“你怎么样?你还要动手?你有本事推我一下试试? ”

“你叫的,试试就试试。 ”

对面想耍无赖碰瓷,但是谭叙已完全就不吃这一套,直来直往的性子好像压根儿感觉不到对面一旦躺下后有多麻烦,她也没碰到过这种情况,全然不顾她的威胁往前迈了一步。

她看不清眼前又正火大着,人越围越多,在她的视角黑压压的一片。这无疑是刺激着她的情绪。

“小已。 ”温浅筠拍拍她的肩膀。

谭叙已会意,不服气的咬了咬牙, ”我刚才差点掉下去了,要是换一个反应没有这么快的老人或者小孩呢,她不道歉就算了,她这是什么态度? ”
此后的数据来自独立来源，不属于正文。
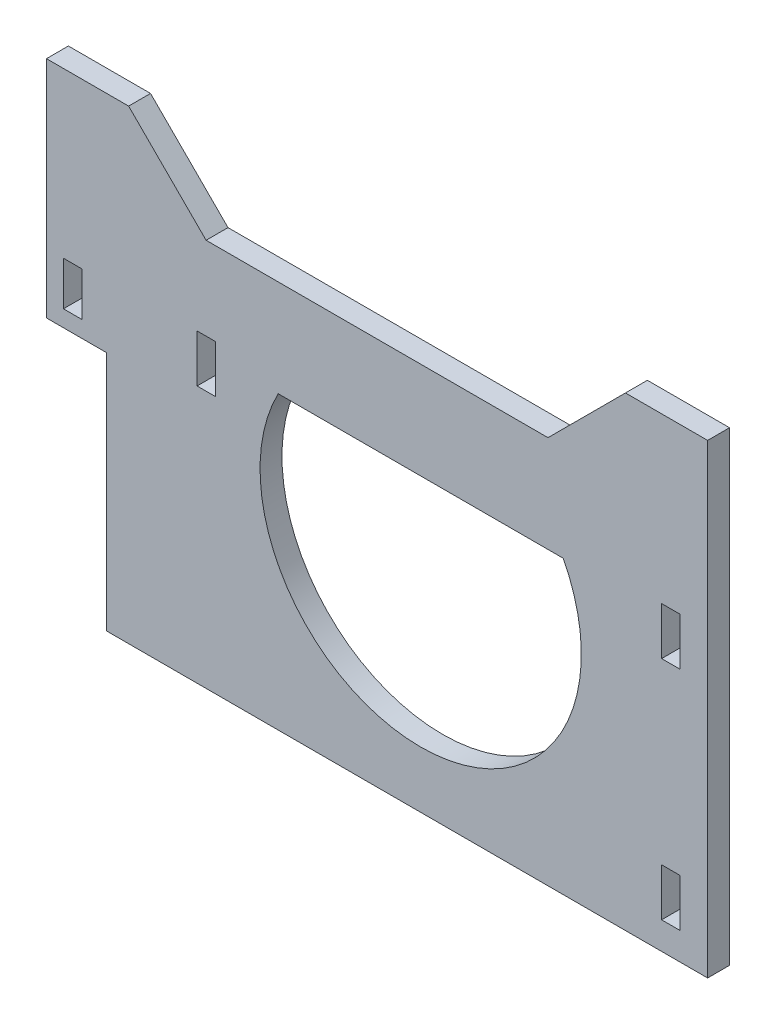
SolidWorks part; units mm, degrees
ref_plane "Front Plane" through (0, 0, 0) normal (0, 0, 1) x (1, 0, 0)
ref_plane "Top Plane" through (0, 0, 0) normal (0, 1, 0) x (1, 0, 0)
ref_plane "Right Plane" through (0, 0, 0) normal (1, 0, 0) x (0, 0, -1)
sketch "Sketch1" plane through (0, 0, 0) normal (0, 0, 1) x (1, 0, 0)
  line L0 (-25.9, 23.1791) -> (26.1356, 23.1791)
  line L6 (-40.7, 25.7) -> (-37.3, 25.7)
  line L9 (-40.7, 25.7) -> (-40.7, 17)
  line L12 (-40.7, 17) -> (-37.3, 17)
  line L15 (-37.3, 25.7) -> (-37.3, 17)
  line L51 (52.5, 30) -> (52.5, -30)
  line L54 (44.1, 25) -> (47.5, 25)
  line L55 (44.1, 25) -> (44.1, 16.3)
  line L56 (44.1, 16.3) -> (47.5, 16.3)
  line L57 (47.5, 25) -> (47.5, 16.3)
  line L58 (47.5, -16.3) -> (44.1, -16.3)
  line L59 (47.5, -16.3) -> (47.5, -25)
  line L60 (47.5, -25) -> (44.1, -25)
  line L61 (44.1, -16.3) -> (44.1, -25)
  line L65 (-65.1, 25) -> (-61.7, 25)
  line L66 (-65.1, 25) -> (-65.1, 17)
  line L67 (-65.1, 17) -> (-61.7, 17)
  line L68 (-61.7, 25) -> (-61.7, 17)
  line L76 (52.5, 30) -> (-68.2, 30)
  line L81 (-39, 25.7) -> (-39, 17) construction
  line L82 (-37.3, 21.35) -> (-40.7, 21.35) construction
  line L83 (-63.4, 25) -> (-63.4, 17) construction
  line L84 (-61.7, 21) -> (-65.1, 21) construction
  line L85 (47.5, 20.65) -> (44.1, 20.65) construction
  line L86 (45.8, 25) -> (45.8, 16.3) construction
  line L87 (45.8, -16.3) -> (45.8, -25) construction
  line L88 (47.5, -20.65) -> (44.1, -20.65) construction
  line L89 (-57.2, -30) -> (-57.2, 14)
  line L90 (-57.2, 14) -> (-68.2, 14)
  line L91 (-68.2, 14) -> (-68.2, 30)
  line L92 (-57.2, -30) -> (52.5, -30)
  arc A12 (-25.9, 23.1791) -> (26.1356, 23.1791) centre (0.1178, 9.6488) ccw
  point P0 (0, 0)
  point P5 (-32.1081, 25)
  point P14 (52.5, 0)
  point P25 (-7.85, 30)
  point P26 (26.0356, 23.74)
  point P34 (-25.9, 23.1791)
  dimension "D3" = 3.4
  dimension "D4" = 8.7
  dimension "D6" = 60
  dimension "D5" = 24.4
  dimension "D7" = 53.65
  dimension "D2" = 31.15
  dimension "D10" = 20.65
  dimension "D11" = 20.65
  dimension "D8" = 120.7
  dimension "D9" = 11
  dimension "D12" = 44
extrude "Boss-Extrude1" add sketch "Sketch1" along normal blind 4
sketch "Sketch2" plane through (0, 0, 0) normal (0, 0, 1) x (1, 0, 0)
  line L0 (-68.2, 30) -> (52.5, 30)
  line L4 (23.3579, 40.8579) -> (-39.0579, 40.8579)
  line L5 (-39.0579, 40.8579) -> (-53.2, 55)
  line L6 (-53.2, 55) -> (-68.2, 55)
  line L7 (-68.2, 55) -> (-68.2, 30)
  line L8 (23.3579, 40.8579) -> (37.5, 55)
  line L9 (37.5, 55) -> (52.5, 55)
  line L10 (52.5, 55) -> (52.5, 30)
  line L12 (-68.2, 30) -> (-68.2, 14) construction
  dimension "D1" = 25
  dimension "D2" = 20
  dimension "D3" = 15
  dimension "D4" = 135
extrude "Boss-Extrude2" add sketch "Sketch2" along normal blind 4
sketch "Sketch3" plane through (0, 0, 0) normal (0, 0, -1) x (-1, 0, 0)
  line L0 (-45.8, 25) -> (-45.8, 16.3) construction
  line L1 (-47.5, 25) -> (-44.1, 25) construction
  line L2 (-44.1, 16.3) -> (-47.5, 16.3) construction
  line L3 (-47.5, 20.65) -> (-44.1, 20.65) construction
  line L4 (-47.5, 16.3) -> (-47.5, 25) construction
  line L5 (-44.1, 25) -> (-44.1, 16.3) construction
  line L6 (-45.8, -16.3) -> (-45.8, -25) construction
  line L7 (-47.5, -16.3) -> (-44.1, -16.3) construction
  line L8 (-44.1, -25) -> (-47.5, -25) construction
  line L9 (-47.5, -20.65) -> (-44.1, -20.65) construction
  line L10 (-47.5, -25) -> (-47.5, -16.3) construction
  line L11 (-44.1, -16.3) -> (-44.1, -25) construction
  line L12 (39, 25.7) -> (39, 17) construction
  line L13 (37.3, 25.7) -> (40.7, 25.7) construction
  line L14 (40.7, 17) -> (37.3, 17) construction
  line L15 (37.3, 21.35) -> (40.7, 21.35) construction
  line L16 (37.3, 17) -> (37.3, 25.7) construction
  line L17 (40.7, 25.7) -> (40.7, 17) construction
  line L18 (63.4, 25) -> (63.4, 17) construction
  line L19 (61.7, 25) -> (65.1, 25) construction
  line L20 (65.1, 17) -> (61.7, 17) construction
  line L21 (61.7, 21) -> (65.1, 21) construction
  line L22 (61.7, 17) -> (61.7, 25) construction
  line L23 (65.1, 25) -> (65.1, 17) construction
equation "\"pin_hole_width\"=3.4"
equation "\"D3@Sketch1\"=\"pin_hole_width\""
equation "\"pin_hole_height\"=8.7"
equation "\"D4@Sketch1\"=\"pin_hole_height\""

“你越激动对自己越没有好处,反而会让对面得寸进尺,冷静一点,不要被影响。 ”

幸福者避让原则。

温浅筠的话落入耳中,虽然很不高兴,但是她还是会听温阿姨的话。

深吸一口气硬生生稳住情绪,几乎是咬着牙侧身让过位置, ”来,你来这里。 ”

“小心点吧,毕竟太宽上半身对下半身的控制力会下降百分之五十。 ”

留下一句,谭叙已听话的不再和对方做无谓的纠缠,带着温浅筠走出了人群。

她的小腿的裤子都湿了一大半,一步一个水淋淋的脚印,足以见得谭叙已鞋里都装了不少冷得刺骨的河水。

“凶巴巴的,河豚似的。 ”温浅筠回头看了一眼走路和企鹅神似的谭叙已。